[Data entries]
□ □ □ □ □

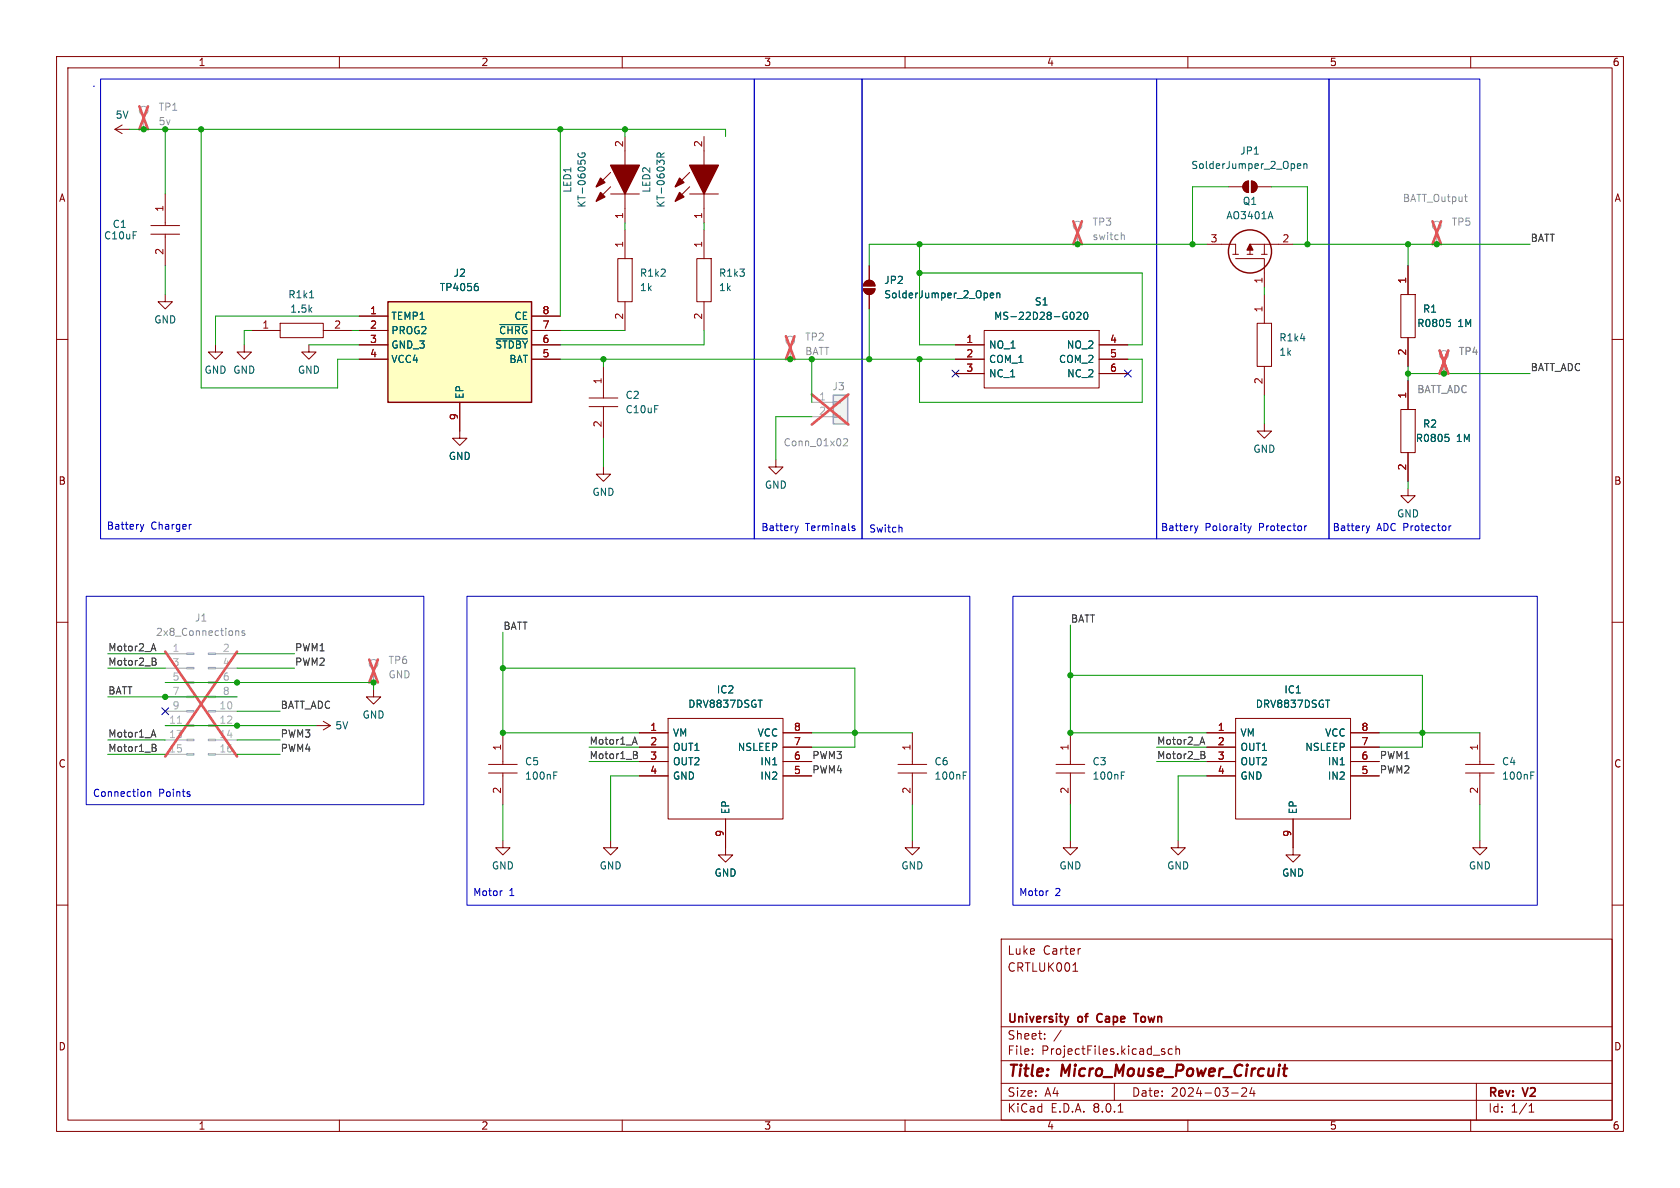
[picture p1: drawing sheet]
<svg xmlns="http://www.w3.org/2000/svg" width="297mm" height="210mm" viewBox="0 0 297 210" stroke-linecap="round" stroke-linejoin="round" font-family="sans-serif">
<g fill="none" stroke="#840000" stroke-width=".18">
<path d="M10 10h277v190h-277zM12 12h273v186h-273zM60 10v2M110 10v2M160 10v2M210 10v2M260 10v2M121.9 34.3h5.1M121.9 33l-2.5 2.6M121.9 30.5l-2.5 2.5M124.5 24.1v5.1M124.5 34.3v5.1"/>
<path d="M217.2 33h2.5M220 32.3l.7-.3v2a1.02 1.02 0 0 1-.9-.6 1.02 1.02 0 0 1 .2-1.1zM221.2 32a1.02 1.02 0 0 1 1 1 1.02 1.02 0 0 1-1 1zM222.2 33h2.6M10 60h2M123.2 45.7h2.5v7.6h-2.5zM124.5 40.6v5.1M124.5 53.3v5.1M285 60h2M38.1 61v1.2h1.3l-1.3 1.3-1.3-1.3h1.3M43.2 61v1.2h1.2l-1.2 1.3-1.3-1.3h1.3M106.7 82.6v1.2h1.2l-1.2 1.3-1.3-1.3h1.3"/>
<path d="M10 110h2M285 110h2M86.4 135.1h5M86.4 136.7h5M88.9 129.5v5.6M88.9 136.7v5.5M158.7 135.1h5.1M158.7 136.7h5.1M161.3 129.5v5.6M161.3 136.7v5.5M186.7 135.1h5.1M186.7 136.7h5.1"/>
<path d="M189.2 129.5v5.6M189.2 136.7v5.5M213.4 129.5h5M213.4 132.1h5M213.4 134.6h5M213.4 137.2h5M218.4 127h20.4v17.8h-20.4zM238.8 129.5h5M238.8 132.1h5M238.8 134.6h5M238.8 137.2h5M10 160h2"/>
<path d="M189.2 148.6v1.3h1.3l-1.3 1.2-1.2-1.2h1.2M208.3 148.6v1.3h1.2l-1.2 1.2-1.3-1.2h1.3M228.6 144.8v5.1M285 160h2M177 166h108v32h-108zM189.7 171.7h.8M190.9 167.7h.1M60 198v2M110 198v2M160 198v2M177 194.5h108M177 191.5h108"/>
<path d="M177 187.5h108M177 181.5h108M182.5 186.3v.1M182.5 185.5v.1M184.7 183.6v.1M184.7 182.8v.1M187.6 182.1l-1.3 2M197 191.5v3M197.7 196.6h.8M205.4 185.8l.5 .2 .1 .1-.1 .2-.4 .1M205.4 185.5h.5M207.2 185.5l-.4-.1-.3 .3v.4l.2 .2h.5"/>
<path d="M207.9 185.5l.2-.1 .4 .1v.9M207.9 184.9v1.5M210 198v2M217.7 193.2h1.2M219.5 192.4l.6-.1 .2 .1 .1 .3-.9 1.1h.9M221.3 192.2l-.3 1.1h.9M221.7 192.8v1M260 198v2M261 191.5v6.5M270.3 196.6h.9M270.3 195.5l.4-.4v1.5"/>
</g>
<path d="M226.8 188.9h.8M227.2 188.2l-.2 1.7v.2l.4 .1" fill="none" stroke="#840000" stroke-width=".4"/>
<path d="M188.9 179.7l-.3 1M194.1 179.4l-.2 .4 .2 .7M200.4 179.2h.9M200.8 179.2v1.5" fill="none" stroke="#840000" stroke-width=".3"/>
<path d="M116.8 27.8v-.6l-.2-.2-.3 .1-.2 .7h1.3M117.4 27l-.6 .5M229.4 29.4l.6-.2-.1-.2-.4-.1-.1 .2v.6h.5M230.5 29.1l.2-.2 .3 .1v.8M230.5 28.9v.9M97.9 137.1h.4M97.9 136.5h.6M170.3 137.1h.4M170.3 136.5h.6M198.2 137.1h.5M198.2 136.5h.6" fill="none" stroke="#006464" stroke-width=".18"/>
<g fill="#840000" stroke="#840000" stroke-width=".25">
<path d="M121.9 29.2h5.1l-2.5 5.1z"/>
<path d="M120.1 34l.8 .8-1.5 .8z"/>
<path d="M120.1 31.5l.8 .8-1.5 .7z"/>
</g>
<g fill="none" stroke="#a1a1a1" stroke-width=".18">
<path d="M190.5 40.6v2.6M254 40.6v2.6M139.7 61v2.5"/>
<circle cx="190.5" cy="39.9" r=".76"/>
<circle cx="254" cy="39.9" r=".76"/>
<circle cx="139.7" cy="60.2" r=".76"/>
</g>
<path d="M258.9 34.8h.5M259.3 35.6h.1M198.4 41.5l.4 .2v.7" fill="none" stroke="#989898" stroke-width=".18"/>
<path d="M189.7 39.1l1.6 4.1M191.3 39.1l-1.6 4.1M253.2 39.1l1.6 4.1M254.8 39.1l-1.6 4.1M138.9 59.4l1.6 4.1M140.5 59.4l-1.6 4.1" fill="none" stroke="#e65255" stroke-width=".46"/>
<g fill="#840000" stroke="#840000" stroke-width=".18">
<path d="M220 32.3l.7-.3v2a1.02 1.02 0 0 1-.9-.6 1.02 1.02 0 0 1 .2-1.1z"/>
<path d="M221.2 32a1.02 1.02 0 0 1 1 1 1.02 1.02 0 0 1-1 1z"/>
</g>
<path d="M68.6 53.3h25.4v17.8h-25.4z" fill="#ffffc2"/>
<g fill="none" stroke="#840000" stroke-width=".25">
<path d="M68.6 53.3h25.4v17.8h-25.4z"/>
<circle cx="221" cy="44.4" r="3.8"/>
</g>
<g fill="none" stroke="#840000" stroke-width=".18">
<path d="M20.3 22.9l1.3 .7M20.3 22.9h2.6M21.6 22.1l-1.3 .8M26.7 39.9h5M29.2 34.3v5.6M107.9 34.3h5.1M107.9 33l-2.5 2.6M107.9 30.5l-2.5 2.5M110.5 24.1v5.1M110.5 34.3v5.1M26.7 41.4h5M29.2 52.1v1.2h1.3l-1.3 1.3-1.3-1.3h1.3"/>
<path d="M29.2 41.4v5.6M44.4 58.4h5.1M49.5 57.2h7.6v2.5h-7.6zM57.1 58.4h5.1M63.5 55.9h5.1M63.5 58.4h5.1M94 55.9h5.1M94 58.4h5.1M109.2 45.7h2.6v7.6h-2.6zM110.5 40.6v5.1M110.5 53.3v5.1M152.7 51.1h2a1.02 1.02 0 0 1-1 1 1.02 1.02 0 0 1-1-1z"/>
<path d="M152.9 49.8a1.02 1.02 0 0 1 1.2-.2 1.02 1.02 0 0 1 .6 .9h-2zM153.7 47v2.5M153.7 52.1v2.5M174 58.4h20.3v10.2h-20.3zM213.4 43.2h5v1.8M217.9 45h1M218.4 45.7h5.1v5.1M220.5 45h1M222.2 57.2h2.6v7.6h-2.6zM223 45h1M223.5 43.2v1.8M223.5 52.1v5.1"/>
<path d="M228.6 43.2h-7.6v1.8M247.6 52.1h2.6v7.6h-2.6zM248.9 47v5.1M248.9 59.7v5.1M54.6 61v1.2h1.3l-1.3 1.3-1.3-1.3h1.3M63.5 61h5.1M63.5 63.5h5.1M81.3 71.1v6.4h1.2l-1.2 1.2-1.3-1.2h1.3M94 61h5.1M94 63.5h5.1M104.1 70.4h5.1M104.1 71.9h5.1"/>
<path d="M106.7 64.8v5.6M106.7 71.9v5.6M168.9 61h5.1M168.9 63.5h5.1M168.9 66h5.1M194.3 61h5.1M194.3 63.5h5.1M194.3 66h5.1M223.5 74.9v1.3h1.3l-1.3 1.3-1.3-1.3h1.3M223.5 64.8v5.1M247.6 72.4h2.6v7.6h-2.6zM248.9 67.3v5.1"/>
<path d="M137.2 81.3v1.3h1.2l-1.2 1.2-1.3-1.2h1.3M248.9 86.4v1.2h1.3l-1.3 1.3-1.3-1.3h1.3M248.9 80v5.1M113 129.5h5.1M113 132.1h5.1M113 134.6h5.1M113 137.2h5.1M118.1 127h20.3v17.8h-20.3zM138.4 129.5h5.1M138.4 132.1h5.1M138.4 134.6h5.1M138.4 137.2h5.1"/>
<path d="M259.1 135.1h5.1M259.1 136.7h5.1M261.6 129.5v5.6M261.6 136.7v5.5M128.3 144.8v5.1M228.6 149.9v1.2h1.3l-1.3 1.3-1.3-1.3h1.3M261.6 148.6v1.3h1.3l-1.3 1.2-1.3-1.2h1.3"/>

□ □ □ □ □

◆ **EXERCISE DIRECTIONS**:
Of all the entries above, retype exactly the lines from the line with "188.9h.8M227.2 188.2l-.2 1.7v.2l.4" to the line with "179.7l-.3 1M194.1 179.4l-.2", both included, and no others.

◆ **TASK OUTPUT**:
<path d="M226.8 188.9h.8M227.2 188.2l-.2 1.7v.2l.4 .1" fill="none" stroke="#840000" stroke-width=".4"/>
<path d="M188.9 179.7l-.3 1M194.1 179.4l-.2 .4 .2 .7M200.4 179.2h.9M200.8 179.2v1.5" fill="none" stroke="#840000" stroke-width=".3"/>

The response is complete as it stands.